You can't go too far wrong by just following Sustrans route 66 from York to Hull. Or take a more southern route from home and get on the Trans Pennine Trail. I've local to Hull and have cycled to the ferry port so just let me know if you need any more information.


----------



## moia (10 Oct 2009)

*splitting the train journey*



Soltydog said:


> I cycled from Hornsea to Halfax a few months ago, about 80 miles, so should be about the same to Hull, depends on your speed, but took me a good few hours
> 
> If you do get the train over, it may be cheaper to split your journey & book tickets in advance, ie Halifax to Leeds, then Leeds to Hull



just checked the train prices...
sowerby bridge to hull - £24.30 return
leeds to hull £12 return! plus sowerby bridge to leeds approx £4 each way but I have a metro card! 

definitely worth it! cheers


----------



## moia (3 Nov 2009)

thanks for all your replies - we had a fantastic trip...

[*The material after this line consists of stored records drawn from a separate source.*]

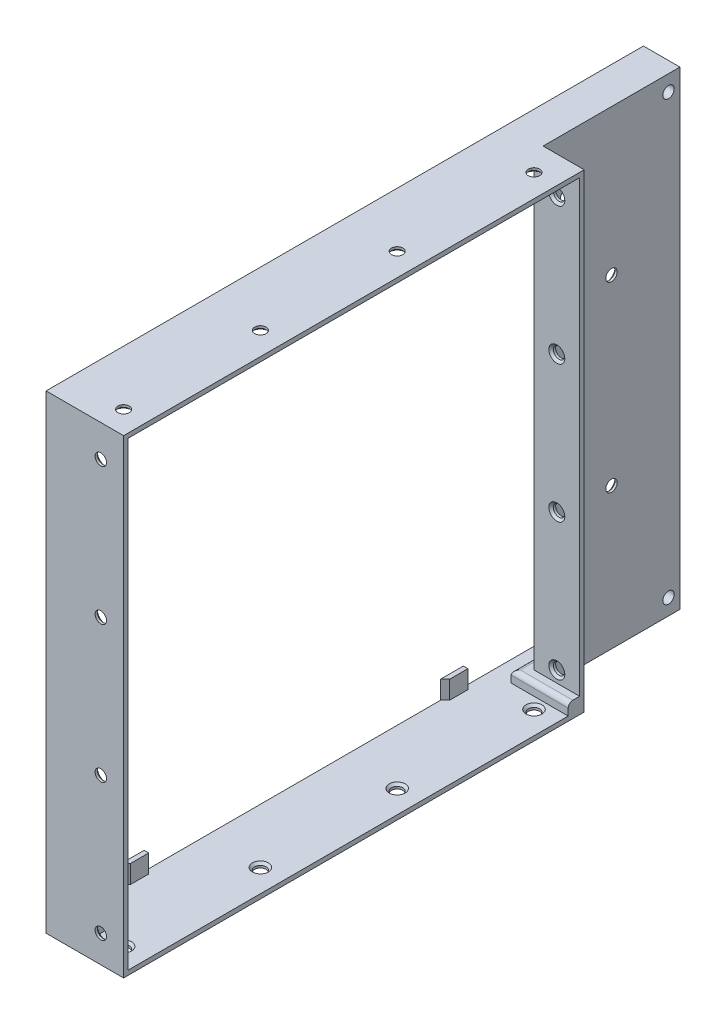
ISO-10303-21;
HEADER;
FILE_DESCRIPTION(('STEP AP214'),'2;1');
FILE_NAME('part.step','',(''),(''),'','','');
FILE_SCHEMA(('AUTOMOTIVE_DESIGN { 1 0 10303 214 1 1 1 1 }'));
ENDSEC;
DATA;
#1=APPLICATION_CONTEXT('core data for automotive mechanical design processes');
#2=APPLICATION_PROTOCOL_DEFINITION('international standard','automotive_design',2000,#1);
#3=PRODUCT_CONTEXT('',#1,'mechanical');
#4=PRODUCT('Part','Part','',(#3));
#5=PRODUCT_RELATED_PRODUCT_CATEGORY('part','',(#4));
#6=PRODUCT_DEFINITION_FORMATION('','',#4);
#7=PRODUCT_DEFINITION_CONTEXT('part definition',#1,'design');
#8=PRODUCT_DEFINITION('design','',#6,#7);
#9=PRODUCT_DEFINITION_SHAPE('','',#8);
#10=(LENGTH_UNIT() NAMED_UNIT(*) SI_UNIT(.MILLI.,.METRE.));
#11=(NAMED_UNIT(*) PLANE_ANGLE_UNIT() SI_UNIT($,.RADIAN.));
#12=(NAMED_UNIT(*) SI_UNIT($,.STERADIAN.) SOLID_ANGLE_UNIT());
#13=UNCERTAINTY_MEASURE_WITH_UNIT(LENGTH_MEASURE(1.E-05),#10,'distance_accuracy_value','');
#14=(GEOMETRIC_REPRESENTATION_CONTEXT(3) GLOBAL_UNCERTAINTY_ASSIGNED_CONTEXT((#13)) GLOBAL_UNIT_ASSIGNED_CONTEXT((#10,
#11,#12)) REPRESENTATION_CONTEXT('',''));
#15=CARTESIAN_POINT('',(0.,0.,0.));
#16=DIRECTION('',(0.,0.,1.));
#17=DIRECTION('',(1.,0.,0.));
#18=AXIS2_PLACEMENT_3D('',#15,#16,#17);
#19=CARTESIAN_POINT('',(0.,12.7,53.1254337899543));
#20=DIRECTION('',(1.,0.,0.));
#21=DIRECTION('',(0.,0.,-1.));
#22=AXIS2_PLACEMENT_3D('',#19,#20,#21);
#23=PLANE('',#22);
#24=DIRECTION('',(0.,0.,1.));
#25=VECTOR('',#24,1.);
#26=CARTESIAN_POINT('',(0.,2.54,53.1254337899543));
#27=LINE('',#26,#25);
#28=CARTESIAN_POINT('',(0.,2.54,40.4254337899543));
#29=VERTEX_POINT('',#28);
#30=CARTESIAN_POINT('',(0.,2.54,53.1254337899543));
#31=VERTEX_POINT('',#30);
#32=EDGE_CURVE('E99',#29,#31,#27,.T.);
#33=ORIENTED_EDGE('',*,*,#32,.T.);
#34=DIRECTION('',(0.,-1.,0.));
#35=VECTOR('',#34,1.);
#36=CARTESIAN_POINT('',(0.,12.7,53.1254337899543));
#37=LINE('',#36,#35);
#38=CARTESIAN_POINT('',(0.,12.7,53.1254337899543));
#39=VERTEX_POINT('',#38);
#40=EDGE_CURVE('E97',#39,#31,#37,.T.);
#41=ORIENTED_EDGE('',*,*,#40,.F.);
#42=DIRECTION('',(0.,0.,1.));
#43=VECTOR('',#42,1.);
#44=CARTESIAN_POINT('',(0.,12.7,53.1254337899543));
#45=LINE('',#44,#43);
#46=CARTESIAN_POINT('',(0.,12.7,40.4254337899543));
#47=VERTEX_POINT('',#46);
#48=EDGE_CURVE('E85',#47,#39,#45,.T.);
#49=ORIENTED_EDGE('',*,*,#48,.F.);
#50=DIRECTION('',(0.,-1.,0.));
#51=VECTOR('',#50,1.);
#52=CARTESIAN_POINT('',(0.,12.7,40.4254337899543));
#53=LINE('',#52,#51);
#54=EDGE_CURVE('E109',#47,#29,#53,.T.);
#55=ORIENTED_EDGE('',*,*,#54,.T.);
#56=EDGE_LOOP('',(#33,#41,#49,#55));
#57=FACE_BOUND('',#56,.T.);
#58=ADVANCED_FACE('F47',(#57),#23,.F.);
#59=CARTESIAN_POINT('',(2.54,12.7,53.1254337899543));
#60=DIRECTION('',(-1.,0.,0.));
#61=DIRECTION('',(0.,0.,1.));
#62=AXIS2_PLACEMENT_3D('',#59,#60,#61);
#63=PLANE('',#62);
#64=DIRECTION('',(0.,0.,-1.));
#65=VECTOR('',#64,1.);
#66=CARTESIAN_POINT('',(2.54,12.7,53.1254337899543));
#67=LINE('',#66,#65);
#68=CARTESIAN_POINT('',(2.54,12.7,50.5854337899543));
#69=VERTEX_POINT('',#68);
#70=CARTESIAN_POINT('',(2.54,12.7,40.4254337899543));
#71=VERTEX_POINT('',#70);
#72=EDGE_CURVE('E93',#69,#71,#67,.T.);
#73=ORIENTED_EDGE('',*,*,#72,.F.);
#74=DIRECTION('',(0.,-1.,0.));
#75=VECTOR('',#74,1.);
#76=CARTESIAN_POINT('',(2.54,12.7,50.5854337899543));
#77=LINE('',#76,#75);
#78=CARTESIAN_POINT('',(2.54,2.54,50.5854337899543));
#79=VERTEX_POINT('',#78);
#80=EDGE_CURVE('E100',#69,#79,#77,.T.);
#81=ORIENTED_EDGE('',*,*,#80,.T.);
#82=DIRECTION('',(0.,0.,-1.));
#83=VECTOR('',#82,1.);
#84=CARTESIAN_POINT('',(2.54,2.54,53.1254337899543));
#85=LINE('',#84,#83);
#86=CARTESIAN_POINT('',(2.54,2.54,40.4254337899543));
#87=VERTEX_POINT('',#86);
#88=EDGE_CURVE('E112',#79,#87,#85,.T.);
#89=ORIENTED_EDGE('',*,*,#88,.T.);
#90=DIRECTION('',(0.,-1.,0.));
#91=VECTOR('',#90,1.);
#92=CARTESIAN_POINT('',(2.54,12.7,40.4254337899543));
#93=LINE('',#92,#91);
#94=EDGE_CURVE('E101',#71,#87,#93,.T.);
#95=ORIENTED_EDGE('',*,*,#94,.F.);
#96=EDGE_LOOP('',(#73,#81,#89,#95));
#97=FACE_BOUND('',#96,.T.);
#98=ADVANCED_FACE('F117',(#97),#63,.F.);
#99=CARTESIAN_POINT('',(0.,12.7,40.4254337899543));
#100=DIRECTION('',(0.,0.,1.));
#101=DIRECTION('',(1.,0.,0.));
#102=AXIS2_PLACEMENT_3D('',#99,#100,#101);
#103=PLANE('',#102);
#104=DIRECTION('',(-1.,0.,0.));
#105=VECTOR('',#104,1.);
#106=CARTESIAN_POINT('',(0.,2.54,40.4254337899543));
#107=LINE('',#106,#105);
#108=EDGE_CURVE('E94',#87,#29,#107,.T.);
#109=ORIENTED_EDGE('',*,*,#108,.T.);
#110=ORIENTED_EDGE('',*,*,#54,.F.);
#111=DIRECTION('',(-1.,0.,0.));
#112=VECTOR('',#111,1.);
#113=CARTESIAN_POINT('',(0.,12.7,40.4254337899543));
#114=LINE('',#113,#112);
#115=EDGE_CURVE('E89',#71,#47,#114,.T.);
#116=ORIENTED_EDGE('',*,*,#115,.F.);
#117=ORIENTED_EDGE('',*,*,#94,.T.);
#118=EDGE_LOOP('',(#109,#110,#116,#117));
#119=FACE_BOUND('',#118,.T.);
#120=ADVANCED_FACE('F120',(#119),#103,.F.);
#121=CARTESIAN_POINT('',(0.,12.7,0.));
#122=DIRECTION('',(0.,-1.,0.));
#123=DIRECTION('',(0.,0.,-1.));
#124=AXIS2_PLACEMENT_3D('',#121,#122,#123);
#125=PLANE('',#124);
#126=ORIENTED_EDGE('',*,*,#48,.T.);
#127=DIRECTION('',(-0.707106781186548,0.,0.707106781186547));
#128=VECTOR('',#127,1.);
#129=CARTESIAN_POINT('',(2.54,12.7,50.5854337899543));
#130=LINE('',#129,#128);
#131=EDGE_CURVE('E12',#39,#69,#130,.F.);
#132=ORIENTED_EDGE('',*,*,#131,.T.);
#133=ORIENTED_EDGE('',*,*,#72,.T.);
#134=ORIENTED_EDGE('',*,*,#115,.T.);
#135=EDGE_LOOP('',(#126,#132,#133,#134));
#136=FACE_BOUND('',#135,.T.);
#137=ADVANCED_FACE('F87',(#136),#125,.F.);
#138=CARTESIAN_POINT('',(0.,2.54,0.));
#139=DIRECTION('',(0.,-1.,0.));
#140=DIRECTION('',(0.,0.,-1.));
#141=AXIS2_PLACEMENT_3D('',#138,#139,#140);
#142=PLANE('',#141);
#143=ORIENTED_EDGE('',*,*,#88,.F.);
#144=DIRECTION('',(0.707106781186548,0.,-0.707106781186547));
#145=VECTOR('',#144,1.);
#146=CARTESIAN_POINT('',(26.5627168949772,2.54,26.5627168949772));
#147=LINE('',#146,#145);
#148=EDGE_CURVE('E56',#79,#31,#147,.F.);
#149=ORIENTED_EDGE('',*,*,#148,.T.);
#150=ORIENTED_EDGE('',*,*,#32,.F.);
#151=ORIENTED_EDGE('',*,*,#108,.F.);
#152=EDGE_LOOP('',(#143,#149,#150,#151));
#153=FACE_BOUND('',#152,.T.);
#154=ADVANCED_FACE('F122',(#153),#142,.T.);
#155=CARTESIAN_POINT('',(2.54,12.7,50.5854337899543));
#156=DIRECTION('',(-0.707106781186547,0.,-0.707106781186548));
#157=DIRECTION('',(0.,-1.,0.));
#158=AXIS2_PLACEMENT_3D('',#155,#156,#157);
#159=PLANE('',#158);
#160=ORIENTED_EDGE('',*,*,#131,.F.);
#161=ORIENTED_EDGE('',*,*,#40,.T.);
#162=ORIENTED_EDGE('',*,*,#148,.F.);
#163=ORIENTED_EDGE('',*,*,#80,.F.);
#164=EDGE_LOOP('',(#160,#161,#162,#163));
#165=FACE_BOUND('',#164,.T.);
#166=ADVANCED_FACE('F50',(#165),#159,.F.);
#167=CLOSED_SHELL('',(#58,#98,#120,#137,#154,#166));
#168=MANIFOLD_SOLID_BREP('B2',#167);
#169=CARTESIAN_POINT('',(0.,12.7,230.925433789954));
#170=DIRECTION('',(1.,0.,0.));
#171=DIRECTION('',(0.,0.,-1.));
#172=AXIS2_PLACEMENT_3D('',#169,#170,#171);
#173=PLANE('',#172);
#174=DIRECTION('',(0.,0.,1.));
#175=VECTOR('',#174,1.);
#176=CARTESIAN_POINT('',(0.,2.54,230.925433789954));
#177=LINE('',#176,#175);
#178=CARTESIAN_POINT('',(0.,2.54,218.225433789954));
#179=VERTEX_POINT('',#178);
#180=CARTESIAN_POINT('',(0.,2.54,230.925433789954));
#181=VERTEX_POINT('',#180);
#182=EDGE_CURVE('E234',#179,#181,#177,.T.);
#183=ORIENTED_EDGE('',*,*,#182,.T.);
#184=DIRECTION('',(0.,-1.,0.));
#185=VECTOR('',#184,1.);
#186=CARTESIAN_POINT('',(0.,12.7,230.925433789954));
#187=LINE('',#186,#185);
#188=CARTESIAN_POINT('',(0.,12.7,230.925433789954));
#189=VERTEX_POINT('',#188);
#190=EDGE_CURVE('E232',#189,#181,#187,.T.);
#191=ORIENTED_EDGE('',*,*,#190,.F.);
#192=DIRECTION('',(0.,0.,1.));
#193=VECTOR('',#192,1.);
#194=CARTESIAN_POINT('',(0.,12.7,230.925433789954));
#195=LINE('',#194,#193);
#196=CARTESIAN_POINT('',(0.,12.7,218.225433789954));
#197=VERTEX_POINT('',#196);
#198=EDGE_CURVE('E220',#197,#189,#195,.T.);
#199=ORIENTED_EDGE('',*,*,#198,.F.);
#200=DIRECTION('',(0.,-1.,0.));
#201=VECTOR('',#200,1.);
#202=CARTESIAN_POINT('',(0.,12.7,218.225433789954));
#203=LINE('',#202,#201);
#204=EDGE_CURVE('E244',#197,#179,#203,.T.);
#205=ORIENTED_EDGE('',*,*,#204,.T.);
#206=EDGE_LOOP('',(#183,#191,#199,#205));
#207=FACE_BOUND('',#206,.T.);
#208=ADVANCED_FACE('F182',(#207),#173,.F.);
#209=CARTESIAN_POINT('',(2.54,12.7,230.925433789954));
#210=DIRECTION('',(-1.,0.,0.));
#211=DIRECTION('',(0.,0.,1.));
#212=AXIS2_PLACEMENT_3D('',#209,#210,#211);
#213=PLANE('',#212);
#214=DIRECTION('',(0.,0.,-1.));
#215=VECTOR('',#214,1.);
#216=CARTESIAN_POINT('',(2.54,12.7,230.925433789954));
#217=LINE('',#216,#215);
#218=CARTESIAN_POINT('',(2.54,12.7,228.385433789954));
#219=VERTEX_POINT('',#218);
#220=CARTESIAN_POINT('',(2.54,12.7,218.225433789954));
#221=VERTEX_POINT('',#220);
#222=EDGE_CURVE('E228',#219,#221,#217,.T.);
#223=ORIENTED_EDGE('',*,*,#222,.F.);
#224=DIRECTION('',(0.,-1.,0.));
#225=VECTOR('',#224,1.);
#226=CARTESIAN_POINT('',(2.54,12.7,228.385433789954));
#227=LINE('',#226,#225);
#228=CARTESIAN_POINT('',(2.54,2.54,228.385433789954));
#229=VERTEX_POINT('',#228);
#230=EDGE_CURVE('E235',#219,#229,#227,.T.);
#231=ORIENTED_EDGE('',*,*,#230,.T.);
#232=DIRECTION('',(0.,0.,-1.));
#233=VECTOR('',#232,1.);
#234=CARTESIAN_POINT('',(2.54,2.54,230.925433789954));
#235=LINE('',#234,#233);
#236=CARTESIAN_POINT('',(2.54,2.54,218.225433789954));
#237=VERTEX_POINT('',#236);
#238=EDGE_CURVE('E247',#229,#237,#235,.T.);
#239=ORIENTED_EDGE('',*,*,#238,.T.);
#240=DIRECTION('',(0.,-1.,0.));
#241=VECTOR('',#240,1.);
#242=CARTESIAN_POINT('',(2.54,12.7,218.225433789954));
#243=LINE('',#242,#241);
#244=EDGE_CURVE('E236',#221,#237,#243,.T.);
#245=ORIENTED_EDGE('',*,*,#244,.F.);
#246=EDGE_LOOP('',(#223,#231,#239,#245));
#247=FACE_BOUND('',#246,.T.);
#248=ADVANCED_FACE('F252',(#247),#213,.F.);
#249=CARTESIAN_POINT('',(0.,12.7,218.225433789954));
#250=DIRECTION('',(0.,0.,1.));
#251=DIRECTION('',(1.,0.,0.));
#252=AXIS2_PLACEMENT_3D('',#249,#250,#251);
#253=PLANE('',#252);
#254=DIRECTION('',(-1.,0.,0.));
#255=VECTOR('',#254,1.);
#256=CARTESIAN_POINT('',(0.,2.54,218.225433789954));
#257=LINE('',#256,#255);
#258=EDGE_CURVE('E229',#237,#179,#257,.T.);
#259=ORIENTED_EDGE('',*,*,#258,.T.);
#260=ORIENTED_EDGE('',*,*,#204,.F.);
#261=DIRECTION('',(-1.,0.,0.));
#262=VECTOR('',#261,1.);
#263=CARTESIAN_POINT('',(0.,12.7,218.225433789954));
#264=LINE('',#263,#262);
#265=EDGE_CURVE('E224',#221,#197,#264,.T.);
#266=ORIENTED_EDGE('',*,*,#265,.F.);
#267=ORIENTED_EDGE('',*,*,#244,.T.);
#268=EDGE_LOOP('',(#259,#260,#266,#267));
#269=FACE_BOUND('',#268,.T.);
#270=ADVANCED_FACE('F255',(#269),#253,.F.);
#271=CARTESIAN_POINT('',(0.,12.7,0.));
#272=DIRECTION('',(0.,-1.,0.));
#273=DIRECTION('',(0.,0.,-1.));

only downsides were finding signposts - to the ferry port in hull - we ended up scarily cycling the wrong way downa dual carriageway on the verge for a few hundred metres! and it was a bit difficult to work out where we were going in zeebrugge - we weren't lost but weren't quite sure that we were in the right place! but we know now...

so much better to cycle over there - it's like a different world!


----------